Return the records word for word. Pictures do not belong in the copy.
+ + + +
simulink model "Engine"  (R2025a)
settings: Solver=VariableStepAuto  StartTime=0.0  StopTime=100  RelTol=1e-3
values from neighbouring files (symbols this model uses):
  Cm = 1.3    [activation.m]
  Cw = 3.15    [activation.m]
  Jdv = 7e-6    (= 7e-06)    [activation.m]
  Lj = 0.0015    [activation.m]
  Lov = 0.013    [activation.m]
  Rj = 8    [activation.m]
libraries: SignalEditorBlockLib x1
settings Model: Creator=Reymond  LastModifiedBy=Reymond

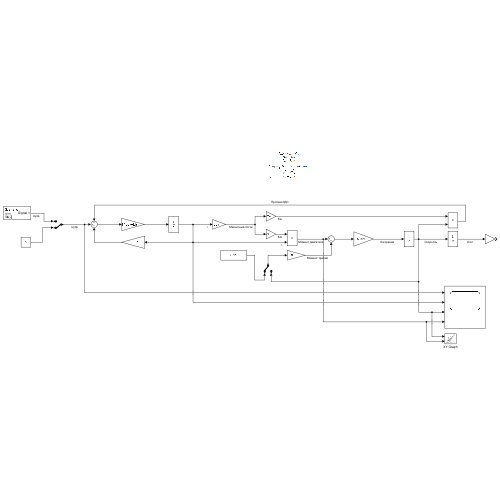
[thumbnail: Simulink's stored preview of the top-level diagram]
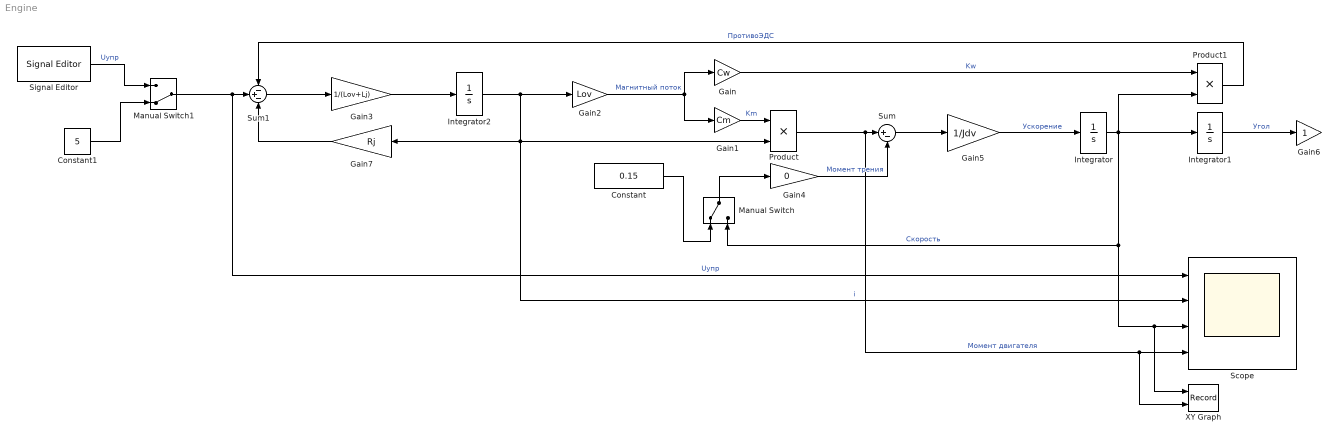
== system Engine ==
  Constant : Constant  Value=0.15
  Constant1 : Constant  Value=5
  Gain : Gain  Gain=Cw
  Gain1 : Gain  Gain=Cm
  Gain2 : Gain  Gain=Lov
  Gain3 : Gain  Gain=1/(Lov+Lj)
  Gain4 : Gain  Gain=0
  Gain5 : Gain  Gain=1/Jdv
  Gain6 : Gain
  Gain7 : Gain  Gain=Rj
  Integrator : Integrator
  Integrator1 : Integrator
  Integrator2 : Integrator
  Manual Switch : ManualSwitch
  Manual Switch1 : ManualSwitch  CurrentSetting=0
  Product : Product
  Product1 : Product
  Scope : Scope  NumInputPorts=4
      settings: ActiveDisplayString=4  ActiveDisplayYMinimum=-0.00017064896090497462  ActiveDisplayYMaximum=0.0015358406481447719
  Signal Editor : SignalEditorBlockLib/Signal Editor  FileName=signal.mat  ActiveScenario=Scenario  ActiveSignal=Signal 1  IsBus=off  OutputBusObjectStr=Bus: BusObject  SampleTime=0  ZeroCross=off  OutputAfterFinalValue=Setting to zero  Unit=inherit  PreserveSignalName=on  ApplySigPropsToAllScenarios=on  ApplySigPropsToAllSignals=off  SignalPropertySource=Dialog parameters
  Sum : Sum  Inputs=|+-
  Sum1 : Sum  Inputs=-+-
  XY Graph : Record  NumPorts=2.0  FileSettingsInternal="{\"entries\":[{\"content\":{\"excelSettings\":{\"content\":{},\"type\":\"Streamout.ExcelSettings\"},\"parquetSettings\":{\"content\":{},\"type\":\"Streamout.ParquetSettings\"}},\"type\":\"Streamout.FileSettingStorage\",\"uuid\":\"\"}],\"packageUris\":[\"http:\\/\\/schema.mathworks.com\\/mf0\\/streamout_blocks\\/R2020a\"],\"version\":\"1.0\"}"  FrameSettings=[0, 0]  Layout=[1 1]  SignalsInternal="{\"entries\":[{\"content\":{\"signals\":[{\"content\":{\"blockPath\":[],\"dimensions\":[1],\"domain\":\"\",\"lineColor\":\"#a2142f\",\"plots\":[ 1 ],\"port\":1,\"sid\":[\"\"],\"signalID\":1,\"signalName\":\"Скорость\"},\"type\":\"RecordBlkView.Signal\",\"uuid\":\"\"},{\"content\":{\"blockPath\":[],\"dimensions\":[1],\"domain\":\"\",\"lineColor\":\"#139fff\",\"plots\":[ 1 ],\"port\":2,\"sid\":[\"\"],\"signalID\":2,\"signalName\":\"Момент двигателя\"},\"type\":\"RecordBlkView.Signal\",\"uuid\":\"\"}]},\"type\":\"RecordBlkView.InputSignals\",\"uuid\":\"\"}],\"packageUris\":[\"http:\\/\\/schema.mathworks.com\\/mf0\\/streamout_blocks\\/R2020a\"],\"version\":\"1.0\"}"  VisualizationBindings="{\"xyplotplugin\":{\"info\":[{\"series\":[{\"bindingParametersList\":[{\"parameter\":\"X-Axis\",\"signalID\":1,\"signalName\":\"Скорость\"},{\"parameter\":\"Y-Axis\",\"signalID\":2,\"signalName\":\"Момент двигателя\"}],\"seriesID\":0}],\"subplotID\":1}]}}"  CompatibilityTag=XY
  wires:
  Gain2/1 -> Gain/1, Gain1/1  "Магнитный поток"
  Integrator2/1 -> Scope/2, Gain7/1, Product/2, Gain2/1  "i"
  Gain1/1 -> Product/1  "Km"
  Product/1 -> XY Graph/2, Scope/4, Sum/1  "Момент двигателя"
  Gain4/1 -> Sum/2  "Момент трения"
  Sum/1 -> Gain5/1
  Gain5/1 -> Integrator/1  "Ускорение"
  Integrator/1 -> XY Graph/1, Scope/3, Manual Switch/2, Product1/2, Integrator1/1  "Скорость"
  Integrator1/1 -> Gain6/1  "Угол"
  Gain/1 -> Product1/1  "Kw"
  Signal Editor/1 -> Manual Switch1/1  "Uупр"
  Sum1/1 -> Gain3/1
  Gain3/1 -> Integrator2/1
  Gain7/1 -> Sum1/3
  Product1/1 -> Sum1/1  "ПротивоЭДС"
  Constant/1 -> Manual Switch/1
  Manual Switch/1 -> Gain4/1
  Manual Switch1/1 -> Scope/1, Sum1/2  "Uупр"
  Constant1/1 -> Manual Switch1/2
+ + + +
ANSWER TO THIS TASK —
simulink model "Engine"  (R2025a)
settings: Solver=VariableStepAuto  StartTime=0.0  StopTime=100  RelTol=1e-3
values from neighbouring files (symbols this model uses):
  Cm = 1.3    [activation.m]
  Cw = 3.15    [activation.m]
  Jdv = 7e-6    (= 7e-06)    [activation.m]
  Lj = 0.0015    [activation.m]
  Lov = 0.013    [activation.m]
  Rj = 8    [activation.m]
libraries: SignalEditorBlockLib x1
settings Model: Creator=Reymond  LastModifiedBy=Reymond

[thumbnail: Simulink's stored preview of the top-level diagram]
== system Engine ==
  Constant : Constant  Value=0.15
  Constant1 : Constant  Value=5
  Gain : Gain  Gain=Cw
  Gain1 : Gain  Gain=Cm
  Gain2 : Gain  Gain=Lov
  Gain3 : Gain  Gain=1/(Lov+Lj)
  Gain4 : Gain  Gain=0
  Gain5 : Gain  Gain=1/Jdv
  Gain6 : Gain
  Gain7 : Gain  Gain=Rj
  Integrator : Integrator
  Integrator1 : Integrator
  Integrator2 : Integrator
  Manual Switch : ManualSwitch
  Manual Switch1 : ManualSwitch  CurrentSetting=0
  Product : Product
  Product1 : Product
  Scope : Scope  NumInputPorts=4
      settings: ActiveDisplayString=4  ActiveDisplayYMinimum=-0.00017064896090497462  ActiveDisplayYMaximum=0.0015358406481447719
  Signal Editor : SignalEditorBlockLib/Signal Editor  FileName=signal.mat  ActiveScenario=Scenario  ActiveSignal=Signal 1  IsBus=off  OutputBusObjectStr=Bus: BusObject  SampleTime=0  ZeroCross=off  OutputAfterFinalValue=Setting to zero  Unit=inherit  PreserveSignalName=on  ApplySigPropsToAllScenarios=on  ApplySigPropsToAllSignals=off  SignalPropertySource=Dialog parameters
  Sum : Sum  Inputs=|+-
  Sum1 : Sum  Inputs=-+-
  XY Graph : Record  NumPorts=2.0  FileSettingsInternal="{\"entries\":[{\"content\":{\"excelSettings\":{\"content\":{},\"type\":\"Streamout.ExcelSettings\"},\"parquetSettings\":{\"content\":{},\"type\":\"Streamout.ParquetSettings\"}},\"type\":\"Streamout.FileSettingStorage\",\"uuid\":\"\"}],\"packageUris\":[\"http:\\/\\/schema.mathworks.com\\/mf0\\/streamout_blocks\\/R2020a\"],\"version\":\"1.0\"}"  FrameSettings=[0, 0]  Layout=[1 1]  SignalsInternal="{\"entries\":[{\"content\":{\"signals\":[{\"content\":{\"blockPath\":[],\"dimensions\":[1],\"domain\":\"\",\"lineColor\":\"#a2142f\",\"plots\":[ 1 ],\"port\":1,\"sid\":[\"\"],\"signalID\":1,\"signalName\":\"Скорость\"},\"type\":\"RecordBlkView.Signal\",\"uuid\":\"\"},{\"content\":{\"blockPath\":[],\"dimensions\":[1],\"domain\":\"\",\"lineColor\":\"#139fff\",\"plots\":[ 1 ],\"port\":2,\"sid\":[\"\"],\"signalID\":2,\"signalName\":\"Момент двигателя\"},\"type\":\"RecordBlkView.Signal\",\"uuid\":\"\"}]},\"type\":\"RecordBlkView.InputSignals\",\"uuid\":\"\"}],\"packageUris\":[\"http:\\/\\/schema.mathworks.com\\/mf0\\/streamout_blocks\\/R2020a\"],\"version\":\"1.0\"}"  VisualizationBindings="{\"xyplotplugin\":{\"info\":[{\"series\":[{\"bindingParametersList\":[{\"parameter\":\"X-Axis\",\"signalID\":1,\"signalName\":\"Скорость\"},{\"parameter\":\"Y-Axis\",\"signalID\":2,\"signalName\":\"Момент двигателя\"}],\"seriesID\":0}],\"subplotID\":1}]}}"  CompatibilityTag=XY
  wires:
  Gain2/1 -> Gain/1, Gain1/1  "Магнитный поток"
  Integrator2/1 -> Scope/2, Gain7/1, Product/2, Gain2/1  "i"
  Gain1/1 -> Product/1  "Km"
  Product/1 -> XY Graph/2, Scope/4, Sum/1  "Момент двигателя"
  Gain4/1 -> Sum/2  "Момент трения"
  Sum/1 -> Gain5/1
  Gain5/1 -> Integrator/1  "Ускорение"
  Integrator/1 -> XY Graph/1, Scope/3, Manual Switch/2, Product1/2, Integrator1/1  "Скорость"
  Integrator1/1 -> Gain6/1  "Угол"
  Gain/1 -> Product1/1  "Kw"
  Signal Editor/1 -> Manual Switch1/1  "Uупр"
  Sum1/1 -> Gain3/1
  Gain3/1 -> Integrator2/1
  Gain7/1 -> Sum1/3
  Product1/1 -> Sum1/1  "ПротивоЭДС"
  Constant/1 -> Manual Switch/1
  Manual Switch/1 -> Gain4/1
  Manual Switch1/1 -> Scope/1, Sum1/2  "Uупр"
  Constant1/1 -> Manual Switch1/2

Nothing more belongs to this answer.